- _What to do_: For the entries below, the expected answer is the line with "#127=AXIS2_PLACEMENT_3D('',#124,#125,#126);", the line with "#168=CARTESIAN_POINT('',(40.,4.,-16.82));", and every line between them, exactly as written, and nothing more.

*** Supplied records ***

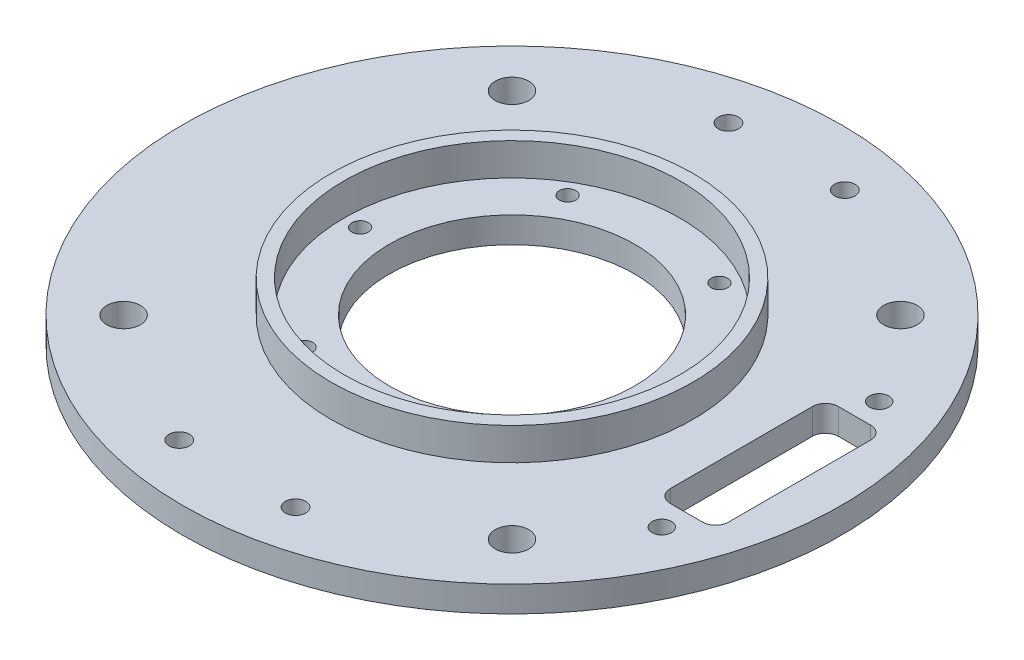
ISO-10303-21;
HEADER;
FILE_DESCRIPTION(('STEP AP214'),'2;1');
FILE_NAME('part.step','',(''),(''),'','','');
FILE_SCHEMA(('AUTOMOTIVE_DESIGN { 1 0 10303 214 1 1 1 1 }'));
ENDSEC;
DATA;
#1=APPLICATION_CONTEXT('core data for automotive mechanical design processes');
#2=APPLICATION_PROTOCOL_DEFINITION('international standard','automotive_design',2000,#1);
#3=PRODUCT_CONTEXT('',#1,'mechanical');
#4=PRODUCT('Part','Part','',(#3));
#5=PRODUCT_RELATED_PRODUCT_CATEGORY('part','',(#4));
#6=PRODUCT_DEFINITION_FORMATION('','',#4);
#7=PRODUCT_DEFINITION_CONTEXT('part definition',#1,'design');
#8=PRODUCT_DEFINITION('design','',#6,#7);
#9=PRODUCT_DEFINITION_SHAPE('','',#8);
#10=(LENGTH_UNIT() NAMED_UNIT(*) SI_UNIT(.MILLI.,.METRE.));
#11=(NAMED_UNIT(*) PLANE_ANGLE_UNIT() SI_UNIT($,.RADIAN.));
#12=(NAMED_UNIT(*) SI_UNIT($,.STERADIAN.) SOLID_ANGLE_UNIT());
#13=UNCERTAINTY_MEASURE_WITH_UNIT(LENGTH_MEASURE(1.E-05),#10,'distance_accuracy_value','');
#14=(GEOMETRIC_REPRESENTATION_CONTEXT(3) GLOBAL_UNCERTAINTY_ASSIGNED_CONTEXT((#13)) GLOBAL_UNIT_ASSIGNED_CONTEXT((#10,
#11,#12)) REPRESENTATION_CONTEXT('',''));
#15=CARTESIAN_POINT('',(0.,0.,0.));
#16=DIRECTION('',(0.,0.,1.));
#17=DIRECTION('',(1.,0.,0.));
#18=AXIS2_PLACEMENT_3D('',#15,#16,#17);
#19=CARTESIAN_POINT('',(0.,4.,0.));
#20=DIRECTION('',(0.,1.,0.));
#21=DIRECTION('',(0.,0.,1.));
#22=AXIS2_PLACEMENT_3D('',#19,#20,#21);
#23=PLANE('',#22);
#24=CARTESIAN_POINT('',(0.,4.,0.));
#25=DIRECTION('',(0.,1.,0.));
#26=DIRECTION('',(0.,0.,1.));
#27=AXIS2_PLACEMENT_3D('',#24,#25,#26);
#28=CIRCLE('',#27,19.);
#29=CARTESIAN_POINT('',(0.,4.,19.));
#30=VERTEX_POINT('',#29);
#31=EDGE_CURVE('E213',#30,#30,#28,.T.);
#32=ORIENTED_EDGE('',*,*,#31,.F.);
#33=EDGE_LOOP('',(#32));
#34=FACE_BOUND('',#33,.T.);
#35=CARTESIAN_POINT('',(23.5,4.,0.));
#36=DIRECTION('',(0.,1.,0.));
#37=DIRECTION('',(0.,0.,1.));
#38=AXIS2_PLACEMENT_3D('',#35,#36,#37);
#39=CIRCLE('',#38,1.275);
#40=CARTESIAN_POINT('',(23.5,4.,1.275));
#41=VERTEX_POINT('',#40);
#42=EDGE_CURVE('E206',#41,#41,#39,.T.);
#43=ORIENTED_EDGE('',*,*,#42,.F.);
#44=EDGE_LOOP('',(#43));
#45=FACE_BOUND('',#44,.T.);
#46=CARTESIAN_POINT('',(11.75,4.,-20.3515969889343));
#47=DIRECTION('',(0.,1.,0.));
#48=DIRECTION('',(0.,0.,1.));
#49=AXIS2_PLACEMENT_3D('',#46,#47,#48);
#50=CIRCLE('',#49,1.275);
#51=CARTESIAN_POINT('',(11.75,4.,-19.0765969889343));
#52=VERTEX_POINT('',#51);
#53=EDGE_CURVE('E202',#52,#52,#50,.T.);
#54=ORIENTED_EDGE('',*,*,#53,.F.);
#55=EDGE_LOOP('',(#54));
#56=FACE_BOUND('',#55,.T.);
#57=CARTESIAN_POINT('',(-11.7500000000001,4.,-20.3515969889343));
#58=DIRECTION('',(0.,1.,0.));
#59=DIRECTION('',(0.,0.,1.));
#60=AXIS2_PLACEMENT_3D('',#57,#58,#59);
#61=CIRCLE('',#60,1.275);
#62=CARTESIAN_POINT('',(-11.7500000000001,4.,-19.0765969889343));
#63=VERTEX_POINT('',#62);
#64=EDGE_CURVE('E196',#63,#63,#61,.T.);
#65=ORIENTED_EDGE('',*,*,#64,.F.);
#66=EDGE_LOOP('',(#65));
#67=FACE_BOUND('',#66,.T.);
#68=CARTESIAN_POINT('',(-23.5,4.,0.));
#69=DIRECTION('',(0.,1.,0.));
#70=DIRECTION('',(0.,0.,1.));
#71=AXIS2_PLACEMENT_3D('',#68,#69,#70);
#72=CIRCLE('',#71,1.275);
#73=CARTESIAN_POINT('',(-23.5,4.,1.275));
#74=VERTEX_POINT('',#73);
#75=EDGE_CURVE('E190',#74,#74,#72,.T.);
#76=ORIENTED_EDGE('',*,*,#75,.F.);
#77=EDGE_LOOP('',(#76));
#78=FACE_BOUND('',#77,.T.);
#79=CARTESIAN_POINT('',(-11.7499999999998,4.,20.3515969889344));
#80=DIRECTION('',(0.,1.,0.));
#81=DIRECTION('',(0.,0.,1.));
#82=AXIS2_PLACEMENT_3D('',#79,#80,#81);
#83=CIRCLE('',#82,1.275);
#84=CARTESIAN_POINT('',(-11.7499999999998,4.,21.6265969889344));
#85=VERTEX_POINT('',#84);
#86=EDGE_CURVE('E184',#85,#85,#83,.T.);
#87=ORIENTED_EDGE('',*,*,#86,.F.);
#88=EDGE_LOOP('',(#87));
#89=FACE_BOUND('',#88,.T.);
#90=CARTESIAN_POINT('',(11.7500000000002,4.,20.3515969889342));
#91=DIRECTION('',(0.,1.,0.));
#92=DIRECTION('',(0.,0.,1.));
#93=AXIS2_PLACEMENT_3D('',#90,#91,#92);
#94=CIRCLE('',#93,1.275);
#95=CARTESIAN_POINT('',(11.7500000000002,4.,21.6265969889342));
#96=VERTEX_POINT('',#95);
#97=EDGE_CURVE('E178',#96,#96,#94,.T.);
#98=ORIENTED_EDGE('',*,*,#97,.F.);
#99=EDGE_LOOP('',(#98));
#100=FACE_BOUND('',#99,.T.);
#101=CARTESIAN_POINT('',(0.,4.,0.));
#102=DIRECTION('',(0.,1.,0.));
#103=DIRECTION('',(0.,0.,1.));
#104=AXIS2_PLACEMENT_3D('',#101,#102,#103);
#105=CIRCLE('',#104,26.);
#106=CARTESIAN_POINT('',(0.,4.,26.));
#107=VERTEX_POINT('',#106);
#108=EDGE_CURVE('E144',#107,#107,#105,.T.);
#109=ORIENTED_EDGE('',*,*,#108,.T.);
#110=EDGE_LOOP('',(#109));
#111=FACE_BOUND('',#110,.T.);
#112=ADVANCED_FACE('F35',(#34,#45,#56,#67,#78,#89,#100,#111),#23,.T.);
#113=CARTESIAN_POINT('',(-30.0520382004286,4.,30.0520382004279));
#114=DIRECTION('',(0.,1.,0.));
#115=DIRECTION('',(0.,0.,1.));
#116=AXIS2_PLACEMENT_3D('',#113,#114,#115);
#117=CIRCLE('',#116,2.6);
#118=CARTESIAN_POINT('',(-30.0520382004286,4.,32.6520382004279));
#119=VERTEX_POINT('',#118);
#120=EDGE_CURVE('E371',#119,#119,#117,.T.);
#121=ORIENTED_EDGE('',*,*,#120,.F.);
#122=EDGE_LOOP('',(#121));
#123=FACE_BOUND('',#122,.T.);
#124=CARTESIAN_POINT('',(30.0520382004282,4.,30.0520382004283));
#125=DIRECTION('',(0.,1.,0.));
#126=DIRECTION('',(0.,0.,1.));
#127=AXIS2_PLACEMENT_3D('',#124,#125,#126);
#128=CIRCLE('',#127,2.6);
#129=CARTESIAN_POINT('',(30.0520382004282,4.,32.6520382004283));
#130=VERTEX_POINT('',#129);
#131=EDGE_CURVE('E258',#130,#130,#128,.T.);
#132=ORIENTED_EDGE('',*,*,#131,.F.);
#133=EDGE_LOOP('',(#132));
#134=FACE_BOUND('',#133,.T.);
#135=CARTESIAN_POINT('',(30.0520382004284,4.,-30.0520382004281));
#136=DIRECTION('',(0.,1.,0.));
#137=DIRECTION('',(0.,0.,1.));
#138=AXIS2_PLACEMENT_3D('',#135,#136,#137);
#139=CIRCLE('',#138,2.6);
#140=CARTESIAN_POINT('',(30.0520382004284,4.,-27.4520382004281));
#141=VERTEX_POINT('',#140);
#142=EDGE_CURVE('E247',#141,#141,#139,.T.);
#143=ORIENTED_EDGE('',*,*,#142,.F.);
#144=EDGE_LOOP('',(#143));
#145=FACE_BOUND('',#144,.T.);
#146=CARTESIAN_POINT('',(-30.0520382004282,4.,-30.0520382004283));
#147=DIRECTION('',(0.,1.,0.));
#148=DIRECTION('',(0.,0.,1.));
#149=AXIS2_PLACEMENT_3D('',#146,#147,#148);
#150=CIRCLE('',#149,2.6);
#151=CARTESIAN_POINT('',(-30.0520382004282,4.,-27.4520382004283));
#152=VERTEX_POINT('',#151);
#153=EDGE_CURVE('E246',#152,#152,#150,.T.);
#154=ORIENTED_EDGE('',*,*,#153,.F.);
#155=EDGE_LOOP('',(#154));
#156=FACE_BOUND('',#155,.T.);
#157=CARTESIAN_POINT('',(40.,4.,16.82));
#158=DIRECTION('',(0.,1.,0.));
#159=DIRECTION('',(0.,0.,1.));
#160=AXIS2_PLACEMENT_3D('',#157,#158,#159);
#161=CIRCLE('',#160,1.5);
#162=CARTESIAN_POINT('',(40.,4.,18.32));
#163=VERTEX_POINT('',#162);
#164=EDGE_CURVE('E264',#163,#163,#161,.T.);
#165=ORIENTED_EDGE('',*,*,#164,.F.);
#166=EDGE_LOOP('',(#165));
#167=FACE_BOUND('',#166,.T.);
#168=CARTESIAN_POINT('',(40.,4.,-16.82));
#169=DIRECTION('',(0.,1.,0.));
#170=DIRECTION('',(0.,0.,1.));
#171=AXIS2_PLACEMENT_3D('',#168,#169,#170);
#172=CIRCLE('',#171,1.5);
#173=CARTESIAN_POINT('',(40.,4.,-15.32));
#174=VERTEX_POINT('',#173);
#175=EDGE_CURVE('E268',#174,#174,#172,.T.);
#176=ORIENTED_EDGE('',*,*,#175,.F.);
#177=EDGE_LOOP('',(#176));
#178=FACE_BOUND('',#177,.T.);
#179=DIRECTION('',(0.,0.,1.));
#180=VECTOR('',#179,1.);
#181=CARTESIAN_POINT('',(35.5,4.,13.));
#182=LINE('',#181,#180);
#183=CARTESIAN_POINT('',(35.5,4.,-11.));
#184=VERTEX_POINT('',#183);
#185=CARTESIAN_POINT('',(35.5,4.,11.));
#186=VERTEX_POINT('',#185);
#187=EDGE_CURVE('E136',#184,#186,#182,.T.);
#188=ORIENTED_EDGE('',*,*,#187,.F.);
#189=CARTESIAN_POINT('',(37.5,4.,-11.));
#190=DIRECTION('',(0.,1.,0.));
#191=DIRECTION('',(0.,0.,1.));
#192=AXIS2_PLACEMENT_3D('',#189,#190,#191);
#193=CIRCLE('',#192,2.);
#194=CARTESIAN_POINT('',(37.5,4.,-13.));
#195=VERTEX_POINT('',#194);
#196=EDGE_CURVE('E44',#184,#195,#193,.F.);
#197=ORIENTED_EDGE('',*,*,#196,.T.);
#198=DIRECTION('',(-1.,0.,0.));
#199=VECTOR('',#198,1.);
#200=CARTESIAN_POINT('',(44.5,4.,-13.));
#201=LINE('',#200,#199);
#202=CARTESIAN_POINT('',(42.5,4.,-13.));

*** End of Supplied records ***

- _Answer for this exercise_:
#127=AXIS2_PLACEMENT_3D('',#124,#125,#126);
#128=CIRCLE('',#127,2.6);
#129=CARTESIAN_POINT('',(30.0520382004282,4.,32.6520382004283));
#130=VERTEX_POINT('',#129);
#131=EDGE_CURVE('E258',#130,#130,#128,.T.);
#132=ORIENTED_EDGE('',*,*,#131,.F.);
#133=EDGE_LOOP('',(#132));
#134=FACE_BOUND('',#133,.T.);
#135=CARTESIAN_POINT('',(30.0520382004284,4.,-30.0520382004281));
#136=DIRECTION('',(0.,1.,0.));
#137=DIRECTION('',(0.,0.,1.));
#138=AXIS2_PLACEMENT_3D('',#135,#136,#137);
#139=CIRCLE('',#138,2.6);
#140=CARTESIAN_POINT('',(30.0520382004284,4.,-27.4520382004281));
#141=VERTEX_POINT('',#140);
#142=EDGE_CURVE('E247',#141,#141,#139,.T.);
#143=ORIENTED_EDGE('',*,*,#142,.F.);
#144=EDGE_LOOP('',(#143));
#145=FACE_BOUND('',#144,.T.);
#146=CARTESIAN_POINT('',(-30.0520382004282,4.,-30.0520382004283));
#147=DIRECTION('',(0.,1.,0.));
#148=DIRECTION('',(0.,0.,1.));
#149=AXIS2_PLACEMENT_3D('',#146,#147,#148);
#150=CIRCLE('',#149,2.6);
#151=CARTESIAN_POINT('',(-30.0520382004282,4.,-27.4520382004283));
#152=VERTEX_POINT('',#151);
#153=EDGE_CURVE('E246',#152,#152,#150,.T.);
#154=ORIENTED_EDGE('',*,*,#153,.F.);
#155=EDGE_LOOP('',(#154));
#156=FACE_BOUND('',#155,.T.);
#157=CARTESIAN_POINT('',(40.,4.,16.82));
#158=DIRECTION('',(0.,1.,0.));
#159=DIRECTION('',(0.,0.,1.));
#160=AXIS2_PLACEMENT_3D('',#157,#158,#159);
#161=CIRCLE('',#160,1.5);
#162=CARTESIAN_POINT('',(40.,4.,18.32));
#163=VERTEX_POINT('',#162);
#164=EDGE_CURVE('E264',#163,#163,#161,.T.);
#165=ORIENTED_EDGE('',*,*,#164,.F.);
#166=EDGE_LOOP('',(#165));
#167=FACE_BOUND('',#166,.T.);
#168=CARTESIAN_POINT('',(40.,4.,-16.82));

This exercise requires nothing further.